Source records:
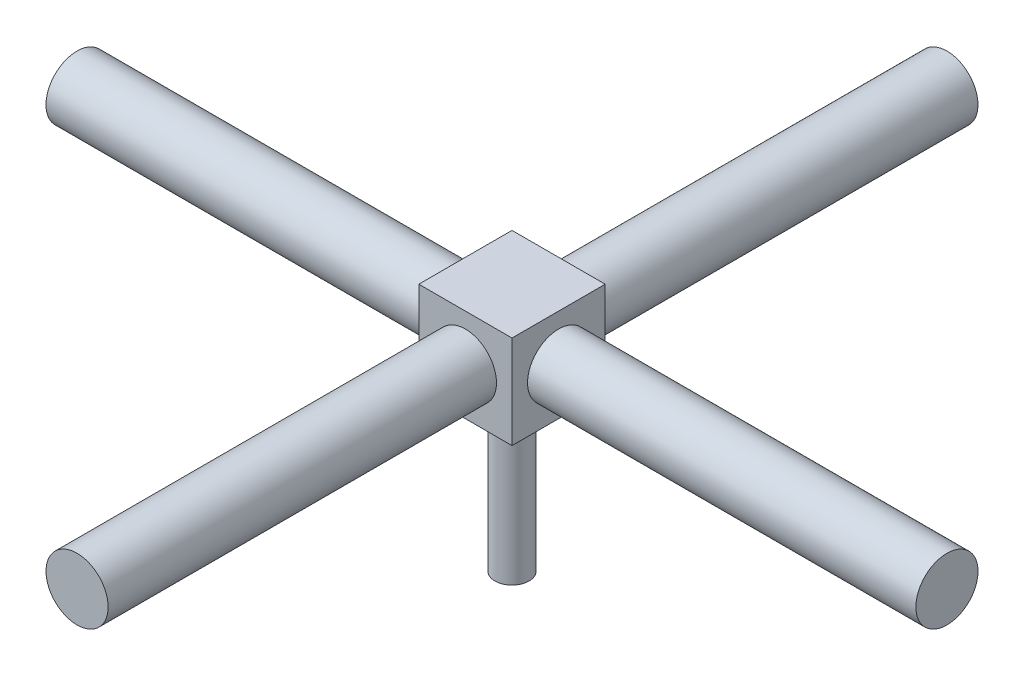
ISO-10303-21;
HEADER;
FILE_DESCRIPTION(('STEP AP214'),'2;1');
FILE_NAME('part.step','',(''),(''),'','','');
FILE_SCHEMA(('AUTOMOTIVE_DESIGN { 1 0 10303 214 1 1 1 1 }'));
ENDSEC;
DATA;
#1=APPLICATION_CONTEXT('core data for automotive mechanical design processes');
#2=APPLICATION_PROTOCOL_DEFINITION('international standard','automotive_design',2000,#1);
#3=PRODUCT_CONTEXT('',#1,'mechanical');
#4=PRODUCT('Part','Part','',(#3));
#5=PRODUCT_RELATED_PRODUCT_CATEGORY('part','',(#4));
#6=PRODUCT_DEFINITION_FORMATION('','',#4);
#7=PRODUCT_DEFINITION_CONTEXT('part definition',#1,'design');
#8=PRODUCT_DEFINITION('design','',#6,#7);
#9=PRODUCT_DEFINITION_SHAPE('','',#8);
#10=(LENGTH_UNIT() NAMED_UNIT(*) SI_UNIT(.MILLI.,.METRE.));
#11=(NAMED_UNIT(*) PLANE_ANGLE_UNIT() SI_UNIT($,.RADIAN.));
#12=(NAMED_UNIT(*) SI_UNIT($,.STERADIAN.) SOLID_ANGLE_UNIT());
#13=UNCERTAINTY_MEASURE_WITH_UNIT(LENGTH_MEASURE(1.E-05),#10,'distance_accuracy_value','');
#14=(GEOMETRIC_REPRESENTATION_CONTEXT(3) GLOBAL_UNCERTAINTY_ASSIGNED_CONTEXT((#13)) GLOBAL_UNIT_ASSIGNED_CONTEXT((#10,
#11,#12)) REPRESENTATION_CONTEXT('',''));
#15=CARTESIAN_POINT('',(0.,0.,0.));
#16=DIRECTION('',(0.,0.,1.));
#17=DIRECTION('',(1.,0.,0.));
#18=AXIS2_PLACEMENT_3D('',#15,#16,#17);
#19=CARTESIAN_POINT('',(-30.,60.,-30.));
#20=DIRECTION('',(1.,0.,0.));
#21=DIRECTION('',(0.,0.,-1.));
#22=AXIS2_PLACEMENT_3D('',#19,#20,#21);
#23=PLANE('',#22);
#24=CARTESIAN_POINT('',(-30.,30.,0.));
#25=DIRECTION('',(-1.,0.,0.));
#26=DIRECTION('',(0.,0.,1.));
#27=AXIS2_PLACEMENT_3D('',#24,#25,#26);
#28=CIRCLE('',#27,20.);
#29=CARTESIAN_POINT('',(-30.,30.,20.));
#30=VERTEX_POINT('',#29);
#31=EDGE_CURVE('E138',#30,#30,#28,.T.);
#32=ORIENTED_EDGE('',*,*,#31,.F.);
#33=EDGE_LOOP('',(#32));
#34=FACE_BOUND('',#33,.T.);
#35=DIRECTION('',(0.,0.,1.));
#36=VECTOR('',#35,1.);
#37=CARTESIAN_POINT('',(-30.,0.,-30.));
#38=LINE('',#37,#36);
#39=CARTESIAN_POINT('',(-30.,0.,-30.));
#40=VERTEX_POINT('',#39);
#41=CARTESIAN_POINT('',(-30.,0.,30.));
#42=VERTEX_POINT('',#41);
#43=EDGE_CURVE('E113',#40,#42,#38,.T.);
#44=ORIENTED_EDGE('',*,*,#43,.T.);
#45=DIRECTION('',(0.,-1.,0.));
#46=VECTOR('',#45,1.);
#47=CARTESIAN_POINT('',(-30.,60.,30.));
#48=LINE('',#47,#46);
#49=CARTESIAN_POINT('',(-30.,60.,30.));
#50=VERTEX_POINT('',#49);
#51=EDGE_CURVE('E44',#50,#42,#48,.T.);
#52=ORIENTED_EDGE('',*,*,#51,.F.);
#53=DIRECTION('',(0.,0.,1.));
#54=VECTOR('',#53,1.);
#55=CARTESIAN_POINT('',(-30.,60.,-30.));
#56=LINE('',#55,#54);
#57=CARTESIAN_POINT('',(-30.,60.,-30.));
#58=VERTEX_POINT('',#57);
#59=EDGE_CURVE('E96',#58,#50,#56,.T.);
#60=ORIENTED_EDGE('',*,*,#59,.F.);
#61=DIRECTION('',(0.,-1.,0.));
#62=VECTOR('',#61,1.);
#63=CARTESIAN_POINT('',(-30.,60.,-30.));
#64=LINE('',#63,#62);
#65=EDGE_CURVE('E109',#58,#40,#64,.T.);
#66=ORIENTED_EDGE('',*,*,#65,.T.);
#67=EDGE_LOOP('',(#44,#52,#60,#66));
#68=FACE_BOUND('',#67,.T.);
#69=ADVANCED_FACE('F41',(#34,#68),#23,.F.);
#70=CARTESIAN_POINT('',(30.,60.,30.));
#71=DIRECTION('',(0.,0.,-1.));
#72=DIRECTION('',(-1.,0.,0.));
#73=AXIS2_PLACEMENT_3D('',#70,#71,#72);
#74=PLANE('',#73);
#75=CARTESIAN_POINT('',(0.,30.,30.));
#76=DIRECTION('',(0.,0.,1.));
#77=DIRECTION('',(1.,0.,0.));
#78=AXIS2_PLACEMENT_3D('',#75,#76,#77);
#79=CIRCLE('',#78,20.);
#80=CARTESIAN_POINT('',(20.,30.,30.));
#81=VERTEX_POINT('',#80);
#82=EDGE_CURVE('E134',#81,#81,#79,.T.);
#83=ORIENTED_EDGE('',*,*,#82,.F.);
#84=EDGE_LOOP('',(#83));
#85=FACE_BOUND('',#84,.T.);
#86=DIRECTION('',(1.,0.,0.));
#87=VECTOR('',#86,1.);
#88=CARTESIAN_POINT('',(30.,0.,30.));
#89=LINE('',#88,#87);
#90=CARTESIAN_POINT('',(30.,0.,30.));
#91=VERTEX_POINT('',#90);
#92=EDGE_CURVE('E102',#42,#91,#89,.T.);
#93=ORIENTED_EDGE('',*,*,#92,.T.);
#94=DIRECTION('',(0.,-1.,0.));
#95=VECTOR('',#94,1.);
#96=CARTESIAN_POINT('',(30.,60.,30.));
#97=LINE('',#96,#95);
#98=CARTESIAN_POINT('',(30.,60.,30.));
#99=VERTEX_POINT('',#98);
#100=EDGE_CURVE('E100',#99,#91,#97,.T.);
#101=ORIENTED_EDGE('',*,*,#100,.F.);
#102=DIRECTION('',(1.,0.,0.));
#103=VECTOR('',#102,1.);
#104=CARTESIAN_POINT('',(30.,60.,30.));
#105=LINE('',#104,#103);
#106=EDGE_CURVE('E91',#50,#99,#105,.T.);
#107=ORIENTED_EDGE('',*,*,#106,.F.);
#108=ORIENTED_EDGE('',*,*,#51,.T.);
#109=EDGE_LOOP('',(#93,#101,#107,#108));
#110=FACE_BOUND('',#109,.T.);
#111=ADVANCED_FACE('F101',(#85,#110),#74,.F.);
#112=CARTESIAN_POINT('',(30.,60.,-30.));
#113=DIRECTION('',(-1.,0.,0.));
#114=DIRECTION('',(0.,0.,1.));
#115=AXIS2_PLACEMENT_3D('',#112,#113,#114);
#116=PLANE('',#115);
#117=CARTESIAN_POINT('',(30.,30.,0.));
#118=DIRECTION('',(1.,0.,0.));
#119=DIRECTION('',(0.,0.,-1.));
#120=AXIS2_PLACEMENT_3D('',#117,#118,#119);
#121=CIRCLE('',#120,20.);
#122=CARTESIAN_POINT('',(30.,30.,-20.));
#123=VERTEX_POINT('',#122);
#124=EDGE_CURVE('E51',#123,#123,#121,.T.);
#125=ORIENTED_EDGE('',*,*,#124,.F.);
#126=EDGE_LOOP('',(#125));
#127=FACE_BOUND('',#126,.T.);
#128=DIRECTION('',(0.,0.,-1.));
#129=VECTOR('',#128,1.);
#130=CARTESIAN_POINT('',(30.,0.,-30.));
#131=LINE('',#130,#129);
#132=CARTESIAN_POINT('',(30.,0.,-30.));
#133=VERTEX_POINT('',#132);
#134=EDGE_CURVE('E77',#91,#133,#131,.T.);
#135=ORIENTED_EDGE('',*,*,#134,.T.);
#136=DIRECTION('',(0.,-1.,0.));
#137=VECTOR('',#136,1.);
#138=CARTESIAN_POINT('',(30.,60.,-30.));
#139=LINE('',#138,#137);
#140=CARTESIAN_POINT('',(30.,60.,-30.));
#141=VERTEX_POINT('',#140);
#142=EDGE_CURVE('E104',#141,#133,#139,.T.);
#143=ORIENTED_EDGE('',*,*,#142,.F.);
#144=DIRECTION('',(0.,0.,-1.));
#145=VECTOR('',#144,1.);
#146=CARTESIAN_POINT('',(30.,60.,-30.));
#147=LINE('',#146,#145);
#148=EDGE_CURVE('E94',#99,#141,#147,.T.);
#149=ORIENTED_EDGE('',*,*,#148,.F.);
#150=ORIENTED_EDGE('',*,*,#100,.T.);
#151=EDGE_LOOP('',(#135,#143,#149,#150));
#152=FACE_BOUND('',#151,.T.);
#153=ADVANCED_FACE('F105',(#127,#152),#116,.F.);
#154=CARTESIAN_POINT('',(30.,60.,-30.));
#155=DIRECTION('',(0.,0.,1.));
#156=DIRECTION('',(1.,0.,0.));
#157=AXIS2_PLACEMENT_3D('',#154,#155,#156);
#158=PLANE('',#157);
#159=CARTESIAN_POINT('',(0.,30.,-30.));
#160=DIRECTION('',(0.,0.,-1.));
#161=DIRECTION('',(-1.,0.,0.));
#162=AXIS2_PLACEMENT_3D('',#159,#160,#161);
#163=CIRCLE('',#162,20.);
#164=CARTESIAN_POINT('',(-20.,30.,-30.));
#165=VERTEX_POINT('',#164);
#166=EDGE_CURVE('E146',#165,#165,#163,.T.);
#167=ORIENTED_EDGE('',*,*,#166,.F.);
#168=EDGE_LOOP('',(#167));
#169=FACE_BOUND('',#168,.T.);
#170=DIRECTION('',(-1.,0.,0.));
#171=VECTOR('',#170,1.);
#172=CARTESIAN_POINT('',(30.,0.,-30.));
#173=LINE('',#172,#171);
#174=EDGE_CURVE('E83',#133,#40,#173,.T.);
#175=ORIENTED_EDGE('',*,*,#174,.T.);
#176=ORIENTED_EDGE('',*,*,#65,.F.);
#177=DIRECTION('',(-1.,0.,0.));
#178=VECTOR('',#177,1.);
#179=CARTESIAN_POINT('',(30.,60.,-30.));
#180=LINE('',#179,#178);
#181=EDGE_CURVE('E60',#141,#58,#180,.T.);
#182=ORIENTED_EDGE('',*,*,#181,.F.);
#183=ORIENTED_EDGE('',*,*,#142,.T.);
#184=EDGE_LOOP('',(#175,#176,#182,#183));
#185=FACE_BOUND('',#184,.T.);
#186=ADVANCED_FACE('F127',(#169,#185),#158,.F.);
#187=CARTESIAN_POINT('',(0.,60.,0.));
#188=DIRECTION('',(0.,-1.,0.));
#189=DIRECTION('',(0.,0.,-1.));
#190=AXIS2_PLACEMENT_3D('',#187,#188,#189);
#191=PLANE('',#190);
#192=ORIENTED_EDGE('',*,*,#59,.T.);
#193=ORIENTED_EDGE('',*,*,#106,.T.);
#194=ORIENTED_EDGE('',*,*,#148,.T.);
#195=ORIENTED_EDGE('',*,*,#181,.T.);
#196=EDGE_LOOP('',(#192,#193,#194,#195));
#197=FACE_BOUND('',#196,.T.);
#198=ADVANCED_FACE('F92',(#197),#191,.F.);
#199=CARTESIAN_POINT('',(0.,0.,0.));
#200=DIRECTION('',(0.,-1.,0.));
#201=DIRECTION('',(0.,0.,-1.));
#202=AXIS2_PLACEMENT_3D('',#199,#200,#201);
#203=PLANE('',#202);
#204=CARTESIAN_POINT('',(0.,0.,0.));
#205=DIRECTION('',(0.,-1.,0.));
#206=DIRECTION('',(0.,0.,-1.));
#207=AXIS2_PLACEMENT_3D('',#204,#205,#206);
#208=CIRCLE('',#207,11.);
#209=CARTESIAN_POINT('',(0.,0.,-11.));
#210=VERTEX_POINT('',#209);
#211=EDGE_CURVE('E11',#210,#210,#208,.T.);
#212=ORIENTED_EDGE('',*,*,#211,.F.);
#213=EDGE_LOOP('',(#212));
#214=FACE_BOUND('',#213,.T.);
#215=ORIENTED_EDGE('',*,*,#43,.F.);
#216=ORIENTED_EDGE('',*,*,#174,.F.);
#217=ORIENTED_EDGE('',*,*,#134,.F.);
#218=ORIENTED_EDGE('',*,*,#92,.F.);
#219=EDGE_LOOP('',(#215,#216,#217,#218));
#220=FACE_BOUND('',#219,.T.);
#221=ADVANCED_FACE('F130',(#214,#220),#203,.T.);
#222=CARTESIAN_POINT('',(0.,30.,280.));
#223=DIRECTION('',(0.,0.,-1.));
#224=DIRECTION('',(-1.,0.,0.));
#225=AXIS2_PLACEMENT_3D('',#222,#223,#224);
#226=CYLINDRICAL_SURFACE('',#225,20.);
#227=CARTESIAN_POINT('',(0.,30.,280.));
#228=DIRECTION('',(0.,0.,1.));
#229=DIRECTION('',(1.,0.,0.));
#230=AXIS2_PLACEMENT_3D('',#227,#228,#229);
#231=CIRCLE('',#230,20.);
#232=CARTESIAN_POINT('',(20.,30.,280.));
#233=VERTEX_POINT('',#232);
#234=EDGE_CURVE('E117',#233,#233,#231,.T.);
#235=ORIENTED_EDGE('',*,*,#234,.F.);
#236=EDGE_LOOP('',(#235));
#237=FACE_BOUND('',#236,.T.);
#238=ORIENTED_EDGE('',*,*,#82,.T.);
#239=EDGE_LOOP('',(#238));
#240=FACE_BOUND('',#239,.T.);
#241=ADVANCED_FACE('F179',(#237,#240),#226,.T.);
#242=CARTESIAN_POINT('',(0.,30.,280.));
#243=DIRECTION('',(0.,0.,1.));
#244=DIRECTION('',(1.,0.,0.));
#245=AXIS2_PLACEMENT_3D('',#242,#243,#244);
#246=PLANE('',#245);
#247=ORIENTED_EDGE('',*,*,#234,.T.);
#248=EDGE_LOOP('',(#247));
#249=FACE_BOUND('',#248,.T.);
#250=ADVANCED_FACE('F185',(#249),#246,.T.);
#251=CARTESIAN_POINT('',(-280.,30.,0.));
#252=DIRECTION('',(1.,0.,0.));
#253=DIRECTION('',(0.,0.,-1.));
#254=AXIS2_PLACEMENT_3D('',#251,#252,#253);
#255=CYLINDRICAL_SURFACE('',#254,20.);
#256=CARTESIAN_POINT('',(-280.,30.,0.));
#257=DIRECTION('',(-1.,0.,0.));
#258=DIRECTION('',(0.,0.,1.));
#259=AXIS2_PLACEMENT_3D('',#256,#257,#258);
#260=CIRCLE('',#259,20.);
#261=CARTESIAN_POINT('',(-280.,30.,20.));
#262=VERTEX_POINT('',#261);
#263=EDGE_CURVE('E142',#262,#262,#260,.T.);
#264=ORIENTED_EDGE('',*,*,#263,.F.);
#265=EDGE_LOOP('',(#264));
#266=FACE_BOUND('',#265,.T.);
#267=ORIENTED_EDGE('',*,*,#31,.T.);
#268=EDGE_LOOP('',(#267));
#269=FACE_BOUND('',#268,.T.);
#270=ADVANCED_FACE('F198',(#266,#269),#255,.T.);
#271=CARTESIAN_POINT('',(-280.,30.,0.));
#272=DIRECTION('',(-1.,0.,0.));
#273=DIRECTION('',(0.,0.,1.));
#274=AXIS2_PLACEMENT_3D('',#271,#272,#273);
#275=PLANE('',#274);
#276=ORIENTED_EDGE('',*,*,#263,.T.);
#277=EDGE_LOOP('',(#276));
#278=FACE_BOUND('',#277,.T.);
#279=ADVANCED_FACE('F200',(#278),#275,.T.);
#280=CARTESIAN_POINT('',(0.,30.,-280.));
#281=DIRECTION('',(0.,0.,1.));
#282=DIRECTION('',(1.,0.,0.));
#283=AXIS2_PLACEMENT_3D('',#280,#281,#282);
#284=CYLINDRICAL_SURFACE('',#283,20.);
#285=CARTESIAN_POINT('',(0.,30.,-280.));
#286=DIRECTION('',(0.,0.,-1.));
#287=DIRECTION('',(-1.,0.,0.));
#288=AXIS2_PLACEMENT_3D('',#285,#286,#287);
#289=CIRCLE('',#288,20.);
#290=CARTESIAN_POINT('',(-20.,30.,-280.));
#291=VERTEX_POINT('',#290);
#292=EDGE_CURVE('E150',#291,#291,#289,.T.);
#293=ORIENTED_EDGE('',*,*,#292,.F.);
#294=EDGE_LOOP('',(#293));
#295=FACE_BOUND('',#294,.T.);
#296=ORIENTED_EDGE('',*,*,#166,.T.);
#297=EDGE_LOOP('',(#296));
#298=FACE_BOUND('',#297,.T.);
#299=ADVANCED_FACE('F207',(#295,#298),#284,.T.);
#300=CARTESIAN_POINT('',(0.,30.,-280.));
#301=DIRECTION('',(0.,0.,-1.));
#302=DIRECTION('',(-1.,0.,0.));
#303=AXIS2_PLACEMENT_3D('',#300,#301,#302);
#304=PLANE('',#303);
#305=ORIENTED_EDGE('',*,*,#292,.T.);
#306=EDGE_LOOP('',(#305));
#307=FACE_BOUND('',#306,.T.);
#308=ADVANCED_FACE('F216',(#307),#304,.T.);
#309=CARTESIAN_POINT('',(280.,30.,0.));
#310=DIRECTION('',(-1.,0.,0.));
#311=DIRECTION('',(0.,0.,1.));
#312=AXIS2_PLACEMENT_3D('',#309,#310,#311);
#313=CYLINDRICAL_SURFACE('',#312,20.);
#314=CARTESIAN_POINT('',(280.,30.,0.));
#315=DIRECTION('',(1.,0.,0.));
#316=DIRECTION('',(0.,0.,-1.));
#317=AXIS2_PLACEMENT_3D('',#314,#315,#316);
#318=CIRCLE('',#317,20.);
#319=CARTESIAN_POINT('',(280.,30.,-20.));
#320=VERTEX_POINT('',#319);
#321=EDGE_CURVE('E157',#320,#320,#318,.T.);
#322=ORIENTED_EDGE('',*,*,#321,.F.);
#323=EDGE_LOOP('',(#322));
#324=FACE_BOUND('',#323,.T.);
#325=ORIENTED_EDGE('',*,*,#124,.T.);
#326=EDGE_LOOP('',(#325));
#327=FACE_BOUND('',#326,.T.);
#328=ADVANCED_FACE('F220',(#324,#327),#313,.T.);
#329=CARTESIAN_POINT('',(280.,30.,0.));
#330=DIRECTION('',(1.,0.,0.));
#331=DIRECTION('',(0.,0.,-1.));
#332=AXIS2_PLACEMENT_3D('',#329,#330,#331);
#333=PLANE('',#332);
#334=ORIENTED_EDGE('',*,*,#321,.T.);
#335=EDGE_LOOP('',(#334));
#336=FACE_BOUND('',#335,.T.);
#337=ADVANCED_FACE('F174',(#336),#333,.T.);
#338=CARTESIAN_POINT('',(0.,-100.,0.));
#339=DIRECTION('',(0.,1.,0.));
#340=DIRECTION('',(0.,0.,1.));
#341=AXIS2_PLACEMENT_3D('',#338,#339,#340);
#342=CYLINDRICAL_SURFACE('',#341,11.);
#343=CARTESIAN_POINT('',(0.,-100.,0.));
#344=DIRECTION('',(0.,-1.,0.));
#345=DIRECTION('',(0.,0.,-1.));
#346=AXIS2_PLACEMENT_3D('',#343,#344,#345);
#347=CIRCLE('',#346,11.);
#348=CARTESIAN_POINT('',(0.,-100.,-11.));
#349=VERTEX_POINT('',#348);
#350=EDGE_CURVE('E163',#349,#349,#347,.T.);
#351=ORIENTED_EDGE('',*,*,#350,.F.);
#352=EDGE_LOOP('',(#351));
#353=FACE_BOUND('',#352,.T.);
#354=ORIENTED_EDGE('',*,*,#211,.T.);
#355=EDGE_LOOP('',(#354));
#356=FACE_BOUND('',#355,.T.);
#357=ADVANCED_FACE('F171',(#353,#356),#342,.T.);
#358=CARTESIAN_POINT('',(0.,-100.,0.));
#359=DIRECTION('',(0.,-1.,0.));
#360=DIRECTION('',(0.,0.,-1.));
#361=AXIS2_PLACEMENT_3D('',#358,#359,#360);
#362=PLANE('',#361);
#363=ORIENTED_EDGE('',*,*,#350,.T.);
#364=EDGE_LOOP('',(#363));
#365=FACE_BOUND('',#364,.T.);
#366=ADVANCED_FACE('F169',(#365),#362,.T.);
#367=CLOSED_SHELL('',(#69,#111,#153,#186,#198,#221,#241,#250,#270,#279,#299,#308,#328,#337,#357,#366));
#368=MANIFOLD_SOLID_BREP('B2',#367);
#369=ADVANCED_BREP_SHAPE_REPRESENTATION('',(#18,#368),#14);
#370=SHAPE_DEFINITION_REPRESENTATION(#9,#369);
ENDSEC;
END-ISO-10303-21;

### TASK
The lines above starting at the one that contains "#183=ORIENTED_EDGE('',*,*,#142,.T.);" and ending at the one that contains "#202=AXIS2_PLACEMENT_3D('',#199,#200,#201);" must be transcribed exactly, and no other lines may appear.

### FINISHED EXERCISE
#183=ORIENTED_EDGE('',*,*,#142,.T.);
#184=EDGE_LOOP('',(#175,#176,#182,#183));
#185=FACE_BOUND('',#184,.T.);
#186=ADVANCED_FACE('F127',(#169,#185),#158,.F.);
#187=CARTESIAN_POINT('',(0.,60.,0.));
#188=DIRECTION('',(0.,-1.,0.));
#189=DIRECTION('',(0.,0.,-1.));
#190=AXIS2_PLACEMENT_3D('',#187,#188,#189);
#191=PLANE('',#190);
#192=ORIENTED_EDGE('',*,*,#59,.T.);
#193=ORIENTED_EDGE('',*,*,#106,.T.);
#194=ORIENTED_EDGE('',*,*,#148,.T.);
#195=ORIENTED_EDGE('',*,*,#181,.T.);
#196=EDGE_LOOP('',(#192,#193,#194,#195));
#197=FACE_BOUND('',#196,.T.);
#198=ADVANCED_FACE('F92',(#197),#191,.F.);
#199=CARTESIAN_POINT('',(0.,0.,0.));
#200=DIRECTION('',(0.,-1.,0.));
#201=DIRECTION('',(0.,0.,-1.));
#202=AXIS2_PLACEMENT_3D('',#199,#200,#201);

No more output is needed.